Berkshire Hathaway shareholder meeting

April 30-May 1, 2011

The Buffett judgment question

April 29, 2011: 5:48 AM ET

Few can match Warren Buffett as stock picker. But is he a sound judge of character?

It's surely not a question the billionaire Berkshire Hathaway (BRKA) CEO relishes nowadays – not a month after David Sokol (right), his longtime right hand man and presumed successor, was unmasked as a selfish, rule-bending creep.

Mission creep

But however unfair it may seem, the judgment question is one the 80-year-old Buffett won't be able to avoid this weekend. He and Berkshire Vice Chairman Charlie Munger are scheduled to entertain tens of thousands of shareholders in Omaha at the company's annual meeting – where the subject of Buffett's succession plan is always ready fodder for hallway conversation.

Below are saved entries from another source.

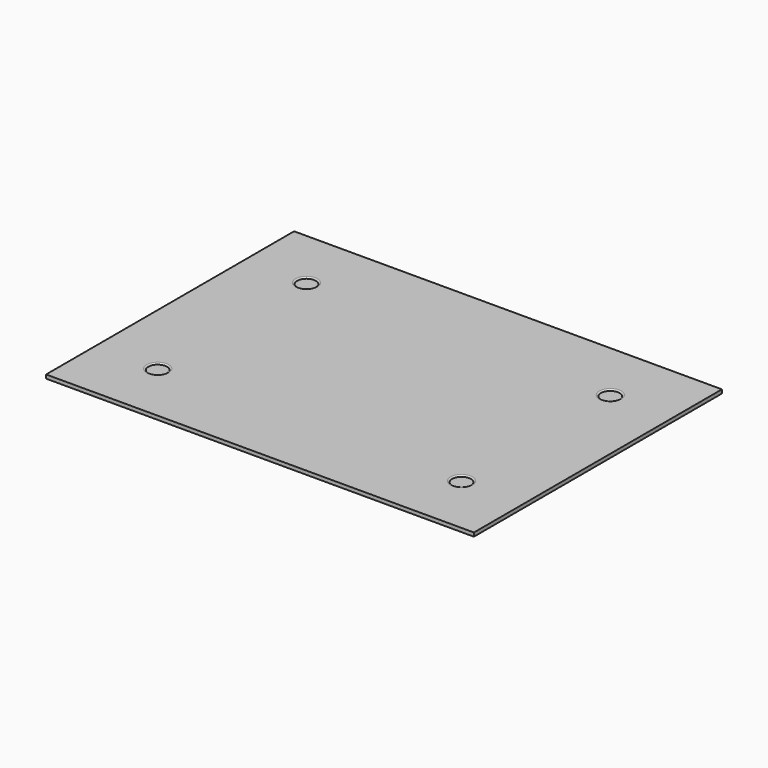
from build123d import *

# Parameters (mm, degrees)
F0_W     = 345
F0_H     = 250
F1_DEPTH = 3
F2_R     = 7.5
F3_DEPTH = 1


# Not quite as in the source:
# - a fillet or chamfer that OpenCascade refuses, or shapes differently, is made with other operations: its cross-section is extruded or revolved along the edge and cut away or added


with BuildPart() as f1:
    # F0 (on Top) → F1 (new body)
    with BuildSketch(Plane.XY):
        Rectangle(F0_W, F0_H)
    extrude(amount=F1_DEPTH)

    # F2 (on face) → F3 (cut)
    with BuildSketch(Plane.XY.offset(3)):
        with BuildLine():
            Line((-122.5, 75), (-122.5, 82.5))
            ThreePointArc((-122.5, 82.5), (-127.8033008589, 80.3033008589), (-130, 75))
            Line((-130, 75), (-122.5, 75))
        make_face()
        with BuildLine():
            ThreePointArc((-115, 75), (-117.1966991411, 80.3033008589), (-122.5, 82.5))
            Line((-122.5, 82.5), (-122.5, 75))
            Line((-122.5, 75), (-130, 75))
            ThreePointArc((-130, 75), (-122.5, 67.5), (-115, 75))
        make_face()
        with Locations((122.5, 75)):
            Circle(F2_R)
        with Locations((122.5, -75)):
            Circle(F2_R)
        with Locations((-122.5, -75)):
            Circle(F2_R)
    extrude(amount=-F3_DEPTH, mode=Mode.SUBTRACT)

    # F4: fillet of radius 1.5 on 4 edges, made by hand

    # F4_s1 → F4_t2 (revolve, cut)
    with BuildSketch(Plane.XZ.offset(-75)):
        with BuildLine():
            ThreePointArc((-131.4142135624, 3), (-130.5481881586, 2.7247448714), (-130, 2))
            Line((-130, 2), (-130, 3))
            Line((-130, 3), (-131.4142135624, 3))
        make_face()
    revolve(axis=Axis((-122.5, 75, 3), (0, 0, 1)), mode=Mode.SUBTRACT)

    # F4_s3 → F4_t4 (revolve, cut)
    with BuildSketch(Plane.XZ.offset(75)):
        with BuildLine():
            ThreePointArc((-113.5857864376, 3), (-114.4518118414, 2.7247448714), (-115, 2))
            Line((-115, 2), (-115, 3))
            Line((-115, 3), (-113.5857864376, 3))
        make_face()
    revolve(axis=Axis((-122.5, -75, 3), (0, 0, 1)), mode=Mode.SUBTRACT)

    # F4_s5 → F4_t6 (revolve, cut)
    with BuildSketch(Plane.XZ.offset(75)):
        with BuildLine():
            ThreePointArc((131.4142135624, 3), (130.5481881586, 2.7247448714), (130, 2))
            Line((130, 2), (130, 3))
            Line((130, 3), (131.4142135624, 3))
        make_face()
    revolve(axis=Axis((122.5, -75, 3), (0, 0, 1)), mode=Mode.SUBTRACT)

    # F4_s7 → F4_t8 (revolve, cut)
    with BuildSketch(Plane.XZ.offset(-75)):
        with BuildLine():
            ThreePointArc((131.4142135624, 3), (130.5481881586, 2.7247448714), (130, 2))
            Line((130, 2), (130, 3))
            Line((130, 3), (131.4142135624, 3))
        make_face()
    revolve(axis=Axis((122.5, 75, 3), (0, 0, 1)), mode=Mode.SUBTRACT)


solid = f1.part

Those chats may take on a bit more urgency in the wake of the report Berkshire's audit committee released Wednesday. It details the trading transgressions, evasiveness and general peevishness of Sokol – just two months after he was praised lavishly by Buffett in his annual shareholder letter.

"I can't overstate the breadth and importance of Dave Sokol's achievements," Buffett said in the letter, referring to Sokol's turnaround of Berkshire's NetJets unit.

Sokol's days as a corporate highflier ended abruptly last month, when he quit in an insider trading scandal. While Berkshire fans are hoping the 18-page audit report will put that fiasco in the rearview mirror, it is nonetheless likely to consume quite a bit of Buffett's five-hour question-and-answer session with shareholders Saturday.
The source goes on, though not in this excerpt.